Cook One, Make Three
One Recipe, Three Meals
There are home cooks who religiously make a weekly meal plan, and then there are those who wing it. But preparing one “big” dish and splitting it into multiple meals falls somewhere in between. Essentially, it’s all about intentional creation of leftovers. Our favorite recipes start with a master protein — pork shoulder, a roast beef, even a turkey — then call for a little work to incorporate the finished product into additional preparations. Here are links to three favorite recipes you can use to kickstart a few days of meals, plus tips on how to do so.
Master Recipe #1: Mississippi Roast
Storage Tip: Take leftover shredded roast beef and pack it into a Glad® FLEX’N SEAL™ bag or Glad® FLEX’N SEAL™ Freezer bag because it stretches to hold 30% more*! Store it in the fridge or the freezer, depending on when you next want to use it.
Sub-recipe: Shredded Beef Sliders — Preheat the oven to 350°F. Slice open mini potato or Hawaiian rolls. Top with shredded Mississippi beef and slices of provolone cheese and cover with the top halves of the rolls. Place on a sheet tray and loosely cover with foil. Bake until the sandwiches are warmed through and the cheese is melted. Serve hot.
Sub-recipe: Italian Chopped Salad — Thinly slice romaine or iceberg lettuce and place in a bowl. Top with diced pepperoncini, chopped red onions, garbanzo beans, sliced olives, shredded mozzarella cheese and shredded Mississippi beef. Drizzle with your favorite Italian dressing or bottled Hidden Valley Ranch and serve immediately.

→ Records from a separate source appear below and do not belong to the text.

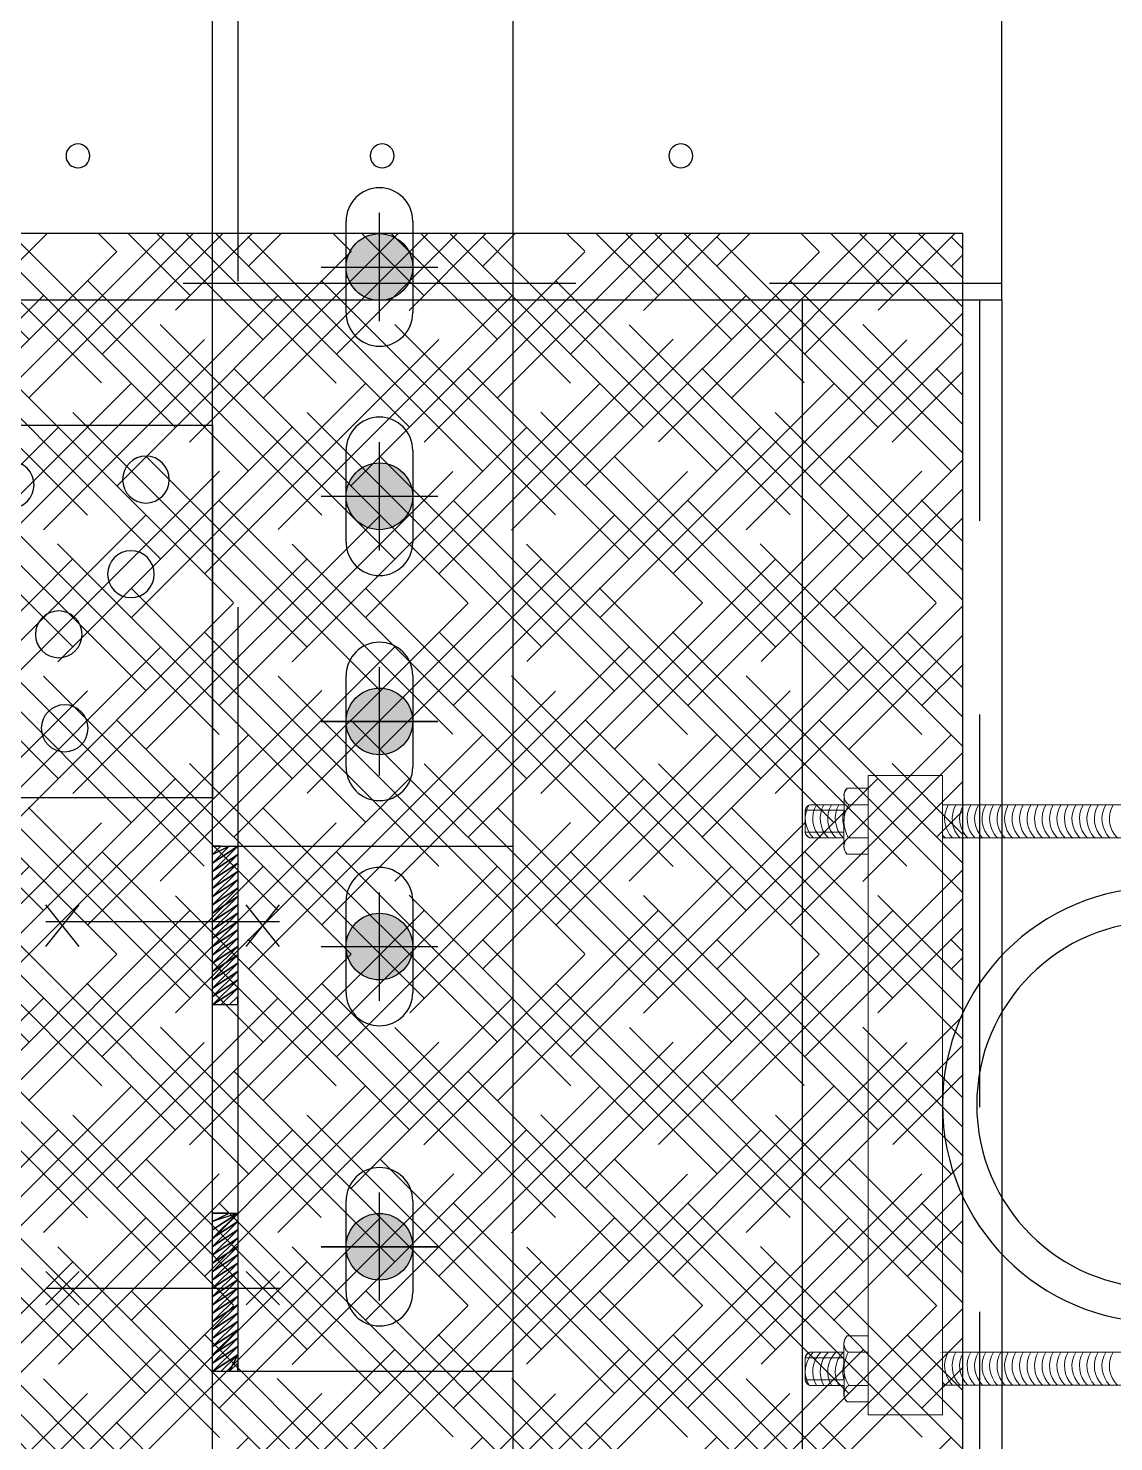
# Model space of a CAD drawing. Header units: inches. Extents: x -7660 to 802, y -193 to 3.
# Drawn here: x 313.572 to 314.006, y -156.532 to -155.968 of the extents above; entities that cross this region are included whole.
import ezdxf

# ---------------------------------------------------------------- set-up
doc = ezdxf.new("R2010")
doc.units = ezdxf.units.IN
doc.header["$MEASUREMENT"] = 0
doc.linetypes.add('HIDDEN', pattern=[0.375, 0.25, -0.125])
for name, color, linetype in [('0-A INSTALAR', 10, 'Continuous'), ('AT', 80, 'Continuous'), ('lay_exist', 9, 'Continuous'), ('LINHA FINA', 9, 'Continuous'), ('À INSTALAR', 10, 'Continuous')]:
    doc.layers.add(name, color=color, linetype=linetype)

# ---------------------------------------------------------------- blocks, each defined once
blk = doc.blocks.new('FCI 2')
at = {"layer": 'AT'}
h = blk.add_hatch(color=256, dxfattribs=at)
h.paths.add_polyline_path([(1010713.667785916, 151166.1962165064, 1), (1010726.367785916, 151166.1962165064, 1)])
h.paths.add_polyline_path([(1010723.97610635, 151168.1452679973), (1010723.684874237, 151163.7427361995), (1010719.726553803, 151161.7936847085), (1010716.059465481, 151164.2471650155), (1010716.350697594, 151168.6496968134), (1010720.309018028, 151170.5987483043)], flags=16)
h = blk.add_hatch(color=256, dxfattribs=at)
h.paths.add_polyline_path([(1010714.917785916, 151120.4162165064, 1), (1010727.617785916, 151120.4162165064, 1)])
h.paths.add_polyline_path([(1010725.22610635, 151122.3652679974), (1010724.934874238, 151117.9627361995), (1010720.976553803, 151116.0136847086), (1010717.309465482, 151118.4671650156), (1010717.600697594, 151122.8696968133), (1010721.559018028, 151124.8187483043)], flags=16)
for points in [[(1010707.387785916, 151105.9062165064), (1010827.307785916, 151105.9062165064), (1010827.307785916, 151182.0662165064), (1010707.387785916, 151182.0662165064)], [(1010719.726553803, 151161.7936847085), (1010723.684874237, 151163.7427361994), (1010723.97610635, 151168.1452679973), (1010720.309018028, 151170.5987483043), (1010716.350697594, 151168.6496968134), (1010716.059465481, 151164.2471650155)], [(1010720.976553803, 151116.0136847085), (1010724.934874237, 151117.9627361994), (1010725.22610635, 151122.3652679973), (1010721.559018028, 151124.8187483043), (1010717.600697594, 151122.8696968134), (1010717.309465481, 151118.4671650155)]]:
    blk.add_lwpolyline(points, close=True, dxfattribs=at)
for centre, radius in [((1010720.017785916, 151166.1962165064), 6.35), ((1010720.017785916, 151166.1962165064), 6.35), ((1010741.677785916, 151168.3362165064), 4.79), ((1010769.457785916, 151168.2162165064), 4.79), ((1010796.947785916, 151167.8462165064), 4.79), ((1010740.447785916, 151148.2062165064), 4.79), ((1010767.997785916, 151148.3262165064), 4.79), ((1010795.727785916, 151148.6462165064), 4.79), ((1010754.227785916, 151136.6962165064), 4.79), ((1010783.027785916, 151136.4262165064), 4.79), ((1010810.547785916, 151136.3362165064), 4.79), ((1010721.267785916, 151120.4162165064), 6.35), ((1010721.267785916, 151120.4162165064), 6.35), ((1010757.557785916, 151117.5962165064), 4.79), ((1010785.887785916, 151118.0662165064), 4.79), ((1010813.617785916, 151116.9962165064), 4.79)]:
    blk.add_circle(centre, radius, dxfattribs=at)
blk = doc.blocks.new('*U332')
at = {"linetype": 'Continuous', "true_color": 0x939598}
h = blk.add_hatch(dxfattribs=at)
h.set_pattern_fill('HOUND', color=252, scale=0.07781485166917816, angle=135)
h.set_pattern_definition([(135, (23189.27117142202, 4963.724262901185), (-0.01719481540384413, 0.01031688924230648), [0.07781485166917816, -0.03890742583458908]), (225, (23189.27117142202, 4963.724262901185), (0.01719481540384413, 0.01031688924230648), [0.07781485166917818, -0.03890742583458909])])
h.paths.add_polyline_path([(40711.81952578435, 20616.68770633436), (40711.81952578438, 20617.1001580138), (40712.09368640527, 20617.1001580138), (40712.09368640525, 20616.68770633436)])
at = {"linetype": 'ByBlock', "lineweight": -3, "elevation": -4.579386081537542e-06}
for points in [[(40711.81172974774, 20616.70329840759), (40711.85980530685, 20616.70329840759), (40711.85980530687, 20617.06247717018), (40711.81172974776, 20617.10795405042), (40711.81172974774, 20616.70329840759), (40712.1027817813, 20616.70329840759), (40712.1027817813, 20616.6305353992), (40711.81172974774, 20616.6305353992)], [(40712.1027817813, 20616.70329840759), (40712.10278178132, 20617.10795405042), (40712.05600556163, 20617.06247717018), (40712.05600556161, 20616.70329840759)], [(40711.81952578435, 20616.68770633436), (40711.81952578438, 20617.1001580138), (40712.09368640527, 20617.1001580138), (40712.09368640525, 20616.68770633436)]]:
    blk.add_lwpolyline(points, close=True, dxfattribs=at)
at = {"elevation": -4.579386081537542e-06}
for points in [[(40712.09758442355, 20616.94107752429), (40712.09758442355, 20617.03203128478)], [(40712.09758442355, 20616.80074886525), (40712.09758442355, 20616.89300196517)], [(40712.09758442355, 20616.70329840759), (40712.09758442355, 20616.75527198501)], [(40711.91047954484, 20616.69940038928), (40712.00273264476, 20616.69940038928)], [(40712.04820952501, 20616.69940038928), (40712.1027817813, 20616.69940038928)]]:
    blk.add_lwpolyline(points, dxfattribs=at)
at = {"linetype": 'Continuous', "extrusion": (-0.01334139821658514, 3.752829520547848e-06, 0.999910999579234)}
for centre in [(40708.26241735555, 20616.67155379956, -543.0761142334885), (40708.33387466415, 20616.67155380317, -543.0770676587532)]:
    blk.add_circle(centre, 0.002801001806720073, dxfattribs=at)
at = {"linetype": 'Continuous', "extrusion": (0.01334139821658514, 3.752829520547848e-06, 0.999910999579234)}
blk.add_circle((40708.40403287122, 20616.66747706763, 543.2327362830017), 0.002801001806720073, dxfattribs=at)
blk = doc.blocks.new('Suporte Suporte Simples 02')
at = {"linetype": 'Continuous'}
h = blk.add_hatch(color=256, dxfattribs=at)
edge = h.paths.add_edge_path()
edge.add_arc((153.112223457345, -548.3206746373362), 0.005114463218205856, -180, 180, ccw=False)
h = blk.add_hatch(color=256, dxfattribs=at)
edge = h.paths.add_edge_path()
edge.add_arc((153.112223457345, -548.3667048063016), 0.005114463218205856, -180, 180, ccw=False)
h = blk.add_hatch(color=256, dxfattribs=at)
edge = h.paths.add_edge_path()
edge.add_arc((153.112223457345, -548.4012274330253), 0.005114463218205856, -180, 180, ccw=False)
h = blk.add_hatch(color=256, dxfattribs=at)
edge = h.paths.add_edge_path()
edge.add_arc((153.112223457345, -548.4357500597489), 0.005114463218205856, -180, 180, ccw=False)
h = blk.add_hatch(color=256, dxfattribs=at)
edge = h.paths.add_edge_path()
edge.add_arc((153.112223457345, -548.4709119943764), 0.005114463218205856, -180, 180, ccw=False)
for p, q in [((153.0917656056008, -548.5687261034254), (153.0917656056008, -548.1517633675121)), ((153.1377957745644, -548.1517633675121), (153.1377957745644, -548.5687261034254)), ((153.0917656056008, -548.3015252083569), (153.1377957745644, -548.3015252083569)), ((153.1071089941252, -548.327707024262, 1.849355622922638e-07), (153.1071089941252, -548.3136422504103, 1.849374818422011e-07)), ((153.1173379205611, -548.3136422504103, 1.849382789985657e-07), (153.1173379205611, -548.327707024262, 1.849363594486284e-07)), ((153.1071089941252, -548.3737371932275, 1.849355622922638e-07), (153.1071089941252, -548.3596724193758, 1.849374818422011e-07)), ((153.1173379205611, -548.3596724193758, 1.849382789985657e-07), (153.1173379205611, -548.3737371932275, 1.849363594486284e-07)), ((153.1377957745644, -548.382078004046), (153.0917656056008, -548.382078004046)), ((153.1071089941252, -548.4082598199511, 1.849355622922638e-07), (153.1071089941252, -548.3941950461012, 1.849374818422011e-07)), ((153.1173379205611, -548.3941950461012, 1.849382789985657e-07), (153.1173379205611, -548.4082598199511, 1.849363594486284e-07)), ((153.1071089941252, -548.4427824466748, 1.849355622922638e-07), (153.1071089941252, -548.4287176728249, 1.849374818422011e-07)), ((153.1173379205611, -548.4287176728249, 1.849382789985657e-07), (153.1173379205611, -548.4427824466748, 1.849363594486284e-07)), ((153.1071089941252, -548.4779443813004, 1.849355622937169e-07), (153.1071089941252, -548.4638796074505, 1.849374818436542e-07)), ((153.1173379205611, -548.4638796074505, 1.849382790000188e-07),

* vs. Glad® Standard Food Bags
Master Recipe #2: BBQ Ranch Pulled Pork
Storage Tip: Take leftover shredded pulled pork and pack it into a Glad® FLEX’N SEAL™ bag or Glad® FLEX’N SEAL™ Freezer bag, which will allow you to store more of it in the fridge or the freezer, depending on when you next want to use it.
Sub-recipe: Pulled pork Nachos — Preheat the oven to 350°F. Spread tortilla chips on a foil-lined sheet tray. Scatter with shredded cheddar or Monterey Jack cheese and spoon pulled pork over the top. Bake until the cheese is melted and the pork is heated through. Remove from oven and finish with dollops of sour cream or bottle Hidden Valley® Ranch, diced avocado or guacamole, and beans.
Sub-recipe: BBQ Bowls — Fill bowls with cooked rice. Top with pulled pork and any of the following: corn, diced avocado, coleslaw, shredded cheddar cheese, chopped red onions, chopped scallions, bottled Hidden Valley® Ranch dressing.
Master Recipe #3: Hidden Valley Holiday Turkey
Storage Tip: Take leftover turkey on a plate and cover tightly with Glad® Press’n Seal® before storing in the fridge. When ready to use, remove Glad® Press’n Seal® and cut off pieces to shred or dice for your next recipe. Alternatively, dice or shred leftover turkey immediately, and place in a Glad® FLEX’N Seal™ Gallon bag. Make sure you remove all air from the bag and store in the fridge or freezer until ready to use.
Sub-recipe: Turkey Fried Rice — In a large sauté pan, heat a couple tablespoons of olive oil with a couple teaspoons of sesame oil. Stir in any of the following: the white and light green parts of scallions or chopped onions, frozen peas and carrots, sliced peppers or mushrooms. Add in cooked rice and diced turkey and cook, stirring occasionally, until everything is heated through and combined. Stir in soy sauce to taste and a little more sesame oil. If desired, push everything to the side, scramble an egg in the pan and stir to combine.
Sub-recipe: Turkey Vegetable Soup — Heat olive oil in a large pot. Sauté an onion with a few chopped carrots and celery stalks (or use any combo of the three). Add whatever vegetables you have in the fridge — chopped broccoli, cauliflower, diced zucchini, chopped peppers, potatoes, etc.) – and sauté for a few minutes. Season with salt, pepper and Hidden Valley® Original Ranch® Salad Dressing and Seasoning Mix. Add broth to at least to cover vegetables, if not more. Simmer until vegetables are cooked through. Add in shredded or diced turkey and, if desired, a can of chopped tomatoes. Simmer a few more minutes and season to taste. Serve hot.